By Kevin D. Williamson
Sunday, July 27, 2014
In the wake of the Halbig decision, liberals sniffed:
Surely, Ezra Klein wrote, the Supreme Court is not going to gut the sublime
work of policy poetry that is Obamacare in order to “teach Congress a lesson
about grammar.” My friend Dave Weigel posited, absurdly, that conservatives had
won a “Leninist victory” in the case, as though Cato were attempting to hasten
the revolution like a gaggle of cracked Shining Path fanatics in some
miserable, sweaty jungle. Without trespassing too deeply into the turf of the
many excellent lawyers whose subtle meditations you may read in these virtual
pages, the Halbig decision is simply about the fact that the law says what the
law says. Literate people who suffer through Mr. Klein’s prose cannot be
surprised by his contempt for the concept of grammar, but law is nothing if not
language. The ancients understood something that has been neglected in recent
centuries: Grammar is the foundation of logic.

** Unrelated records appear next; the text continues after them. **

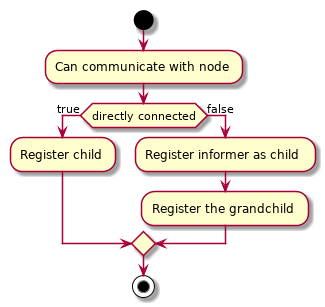

The diagram above was rendered by PlantUML. Its source (embedded in the PNG):
@startuml
start
:Can communicate with node;
if(directly connected) then (true)
:Register child;
else (false)
:Register informer as child;
:Register the grandchild;
endif
stop
@enduml
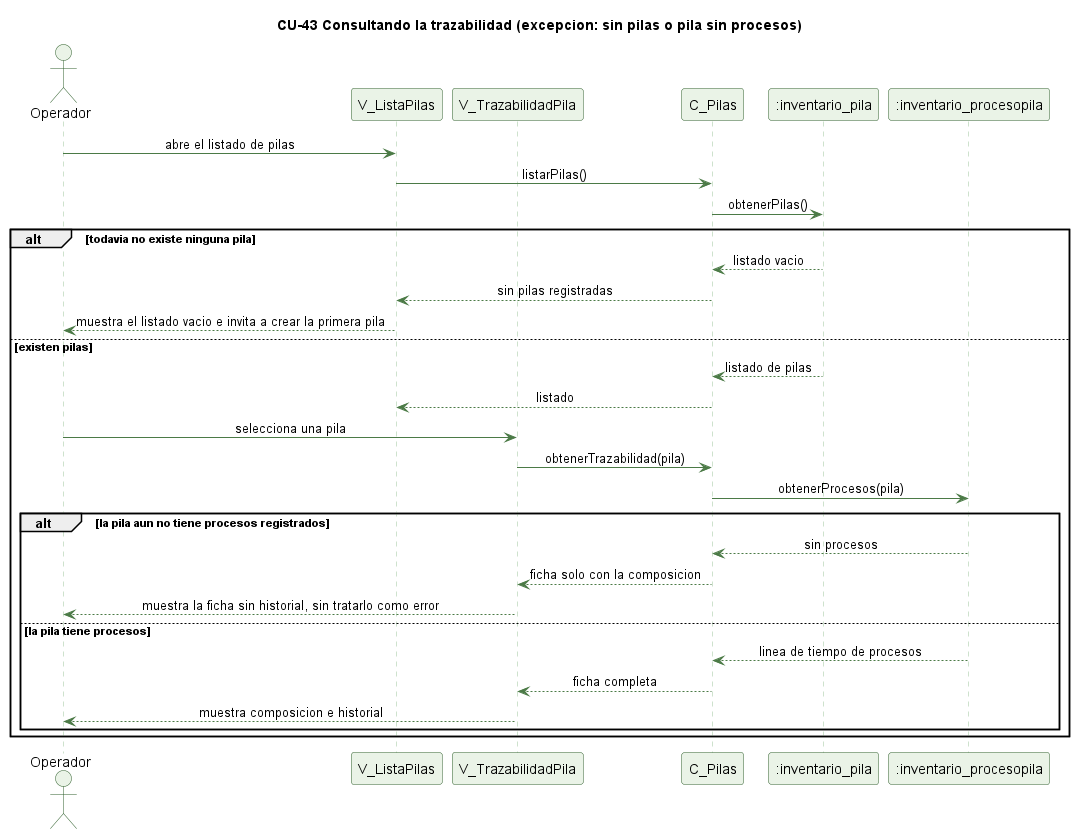

The diagram above was rendered by PlantUML. Its source (embedded in the PNG):
@startuml cu43-trazabilidad-pila-excepcion
' CU-43 Consultando la trazabilidad interna de una pila - flujo de excepcion
skinparam backgroundColor #FFFFFF
skinparam shadowing false
skinparam defaultFontName Helvetica
skinparam sequenceMessageAlign center
skinparam ParticipantBackgroundColor #EAF3E7
skinparam ParticipantBorderColor #2E5E2A
skinparam ActorBackgroundColor #EAF3E7
skinparam ActorBorderColor #2E5E2A
skinparam sequenceLifeLineBorderColor #9CC49A
skinparam ArrowColor #4B7A46

title CU-43 Consultando la trazabilidad (excepcion: sin pilas o pila sin procesos)

actor Operador
participant "V_ListaPilas" as VL
participant "V_TrazabilidadPila" as V
participant "C_Pilas" as C
participant ":inventario_pila" as P
participant ":inventario_procesopila" as PP

Operador -> VL : abre el listado de pilas
VL -> C : listarPilas()
C -> P : obtenerPilas()
alt todavia no existe ninguna pila
  P --> C : listado vacio
  C --> VL : sin pilas registradas
  VL --> Operador : muestra el listado vacio e invita a crear la primera pila
else existen pilas
  P --> C : listado de pilas
  C --> VL : listado
  Operador -> V : selecciona una pila
  V -> C : obtenerTrazabilidad(pila)
  C -> PP : obtenerProcesos(pila)
  alt la pila aun no tiene procesos registrados
    PP --> C : sin procesos
    C --> V : ficha solo con la composicion
    V --> Operador : muestra la ficha sin historial, sin tratarlo como error
  else la pila tiene procesos
    PP --> C : linea de tiempo de procesos
    C --> V : ficha completa
    V --> Operador : muestra composicion e historial
  end
end

@enduml

Surely Hammurabi was not the first, but his code is our
oldest example of the written law. Somewhere in the penumbras of pre-history,
some long-forgotten Promethean genius did humankind a favor that surely ranks
up there with the wheel and fire: the written law. It is a simple thing —
“simple as a flower, and that’s a complicated thing.”
Hammurabi’s law covers a great deal more than his take on
“an eye for an eye,” which was, like our own criminal laws, graded according to
the status of the victim — a slave’s eye was not worth what a prince’s eye was.
(You think we’ve evolved past that? Consult your local statutes regarding
assault on a police officer, or on employees of the New York Metropolitan
Transportation Authority, who are practically begging for a bit of battery.)
The Hammurabic Code, along with its presumptive predecessors, represented
something radical and new in human history. With the law written down — with
the law fixed — a man who had committed no transgression no longer had reason
to tremble before princes and potentates. If the driver of oxen had been paid
his statutory wage, if a man’s contractual obligations had been satisfied, and
if his life was unsullied by violations of the law, handily carved upon slabs
of igneous rock for all to see and ingest, then that man was, within the limits
of his law, free.
Hammurabi never directed his secretary of health and
human services to promulgate regulations subsidiary to the code and subject to
near-term political necessities — just 282 laws and associated punishments,
available for all to see.
Perhaps it is not the case that in the 21st-century
United States we can live under something as simple and straightforward as the
Code of Hammurabi. But the principle is the same: We write laws down in order
that citizens may know what is permissible under the generally promulgated
rules of the polity. The writing down of laws was the first step on the road
from subject to citizen, and to reverse that is to do violence to more than
grammatical propriety, Mr. Klein’s huffery-puffery notwithstanding.
The written law was the first real constraint on the
power of kings. An oral tradition is subject to constant on-the-fly revision.
Mr. Klein and others of his persuasion would see us return to that primitive
state: “Oh, sure, the law says that the IRS can only operate on state-created
insurance exchanges, but that isn’t what we” — and who is this we? — “really
meant. And besides, things will turn out other than as we desire if we follow
the law as written, and who are you, and what is the law, to forbid us our
desires?” It is easier to think that way when you believe that you represent a
uniquely enlightened point of view, that you are acting in the public interest,
and that your political rivals are wicked and ignorant.
A few days ago, I had a depressing conversation with a
federal judge who noted her surprise and distaste the first time that a media
account of one of her decisions took note of the fact that she had been
appointed by such-and-such a president, as though that, and not the law, were
the explanation for her decision. She’d never been active in politics, and had
never imagined that the party label of the man who appointed her had any
bearing on anything she’d done in the courtroom. Perhaps she needed Mr. Weigel
to advise her on the question.
There will always be occasions for discretion and
interpretation on legal questions, but it is not the case that such discretion
should presumptively empower the IRS to do things that the IRS is not legally
entitled to do simply because Barack Obama wishes it to be so. If history
teaches us anything, it is that a system of law that presumptively sides with
political power soon ceases to be any sort of system of law at all. Rather, it
becomes a post facto justification for the will to power, an intellectual
window dressing on might-makes-right rule.
The matter addressed in Halbig is hardly the Obama
administration’s first attempt to circumvent the law as written — see Hobby
Lobby, etc. — nor is it the progressives’ only attempt to impose what they
imagine to be enlightened ad-hocracy on the American people. The disdain for
the letter of the law is complexly intertwined with the progressive managerial
imagination: The law, in their view, is not something that limits the ambitions
of princes, but something that empowers them to do what they see fit. It is not
surprising that conservative concerns about limited government frustrate and
befuddle those who see the law in that way. They imagine government to be something
like a plasma cutting table, a complex and precise tool that, in the right
hands, can reshape the world in desirable, predictable ways. But government is
not a complicated tool. It is in fact a simple tool: a bayonet.